Hepimizin hayatında bazı işleri sürekli ertelediğimiz anlar olmuştur. Ancak bu durum bir alışkanlığa dönüştüğünde, günlük yaşam kalitemizi ciddi şekilde etkileyebilir. Peki, erteleme davranışı neden bu kadar yaygındır? Ertelemenin altında yatan psikolojik dinamikler nelerdir? Bu yazıda, ertelemenin psikolojisine daha yakından bakacak ve bu alışkanlığı nasıl aşabileceğimize dair önemli ipuçları paylaşacağım.
Erteleme, yapılması gereken bir işi bilinçli olarak geciktirme veya daha sonra yapmaya karar verme davranışıdır. Buradaki temel unsur, kişinin bu gecikmenin kendisine zarar vereceğini bilmesine rağmen yine de harekete geçmemesidir.

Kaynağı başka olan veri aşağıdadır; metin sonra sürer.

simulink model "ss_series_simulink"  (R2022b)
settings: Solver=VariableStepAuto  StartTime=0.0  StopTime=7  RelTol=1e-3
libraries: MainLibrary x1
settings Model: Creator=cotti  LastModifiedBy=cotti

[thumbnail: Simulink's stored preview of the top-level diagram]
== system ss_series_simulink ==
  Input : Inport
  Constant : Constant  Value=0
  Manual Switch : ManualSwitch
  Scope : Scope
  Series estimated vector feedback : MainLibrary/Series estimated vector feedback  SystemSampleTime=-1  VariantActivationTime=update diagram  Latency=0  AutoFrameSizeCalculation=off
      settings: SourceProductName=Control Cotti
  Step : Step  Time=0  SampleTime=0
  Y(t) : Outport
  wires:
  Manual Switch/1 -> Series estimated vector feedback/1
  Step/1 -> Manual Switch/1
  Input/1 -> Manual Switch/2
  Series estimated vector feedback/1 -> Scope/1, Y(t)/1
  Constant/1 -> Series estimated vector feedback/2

Erteleme, sadece tembellik ya da motivasyon eksikliği değildir; çoğu zaman daha derin psikolojik süreçlerle ilişkilidir.
1. Mükemmeliyetçilik:
Mükemmeliyetçi kişiler, bir işi “kusursuz” yapamayacaklarını düşündüklerinde başlamakta zorlanabilirler. “Ya yeterince iyi olmazsa?” kaygısı, harekete geçmeyi engelleyebilir.
2. Başarısızlık Korkusu:
Bazı bireyler, başarısız olma ihtimaline karşı o kadar yoğun bir kaygı duyar ki, hiç başlamamayı tercih eder. Bu, başarısızlıkla yüzleşmektense onu erteleyerek zaman kazanma girişimidir.
3. Düşük Özsaygı:
Kendine güveni düşük olan bireyler, yeteneklerine dair sürekli şüphe duyabilirler. “Nasıl olsa başaramam” düşüncesi, ertelemeyi körükler.
4. Anlık Haz Arayışı:
Beynimiz kısa vadeli ödülleri uzun vadeli hedeflere tercih etme eğilimindedir. Sosyal medyada vakit geçirmek gibi anlık hazlar, yapılması gereken sorumlulukların önüne geçebilir.
5. Zamanı Yanlış Algılama:
Bazı kişiler, zaman yönetimi konusunda zorluk yaşar. Bir işin ne kadar süreceğini doğru tahmin edememek, son dakikaya kadar beklemeye yol açabilir.
Sürekli erteleme davranışı, yalnızca günlük işleri aksatmaz; aynı zamanda kaygı, suçluluk duygusu, özgüven kaybı ve stres gibi psikolojik sorunlara da zemin hazırlar. Zamanla, “Yine başaramadım” düşüncesi kişisel başarısızlık hissini besleyerek daha ciddi psikolojik problemlere yol açabilir.
1. Küçük Adımlarla Başlayın:
Büyük hedefleri küçük parçalara bölmek, işe başlamayı kolaylaştırır.
2. Mükemmeliyetçilikten Vazgeçin:
Unutmayın, bir işin “tamamlanması” genellikle “mükemmel” olmasından daha değerlidir.
3. Zaman Blokları Oluşturun:
Gün içinde belirli zaman aralıklarını belli görevler için ayırmak, dikkat dağılmasını önler.
4. Kendi Kendinize Sorun:
“Bunu neden yapıyorum?” sorusunu sormak, motivasyonunuzu netleştirir ve harekete geçmenize yardımcı olur.
5. Destek Alın:
Eğer erteleme davranışı yaşam kalitenizi ciddi ölçüde etkiliyorsa, bir uzmandan destek almak uzun vadede çok daha sağlıklı sonuçlar doğurabilir.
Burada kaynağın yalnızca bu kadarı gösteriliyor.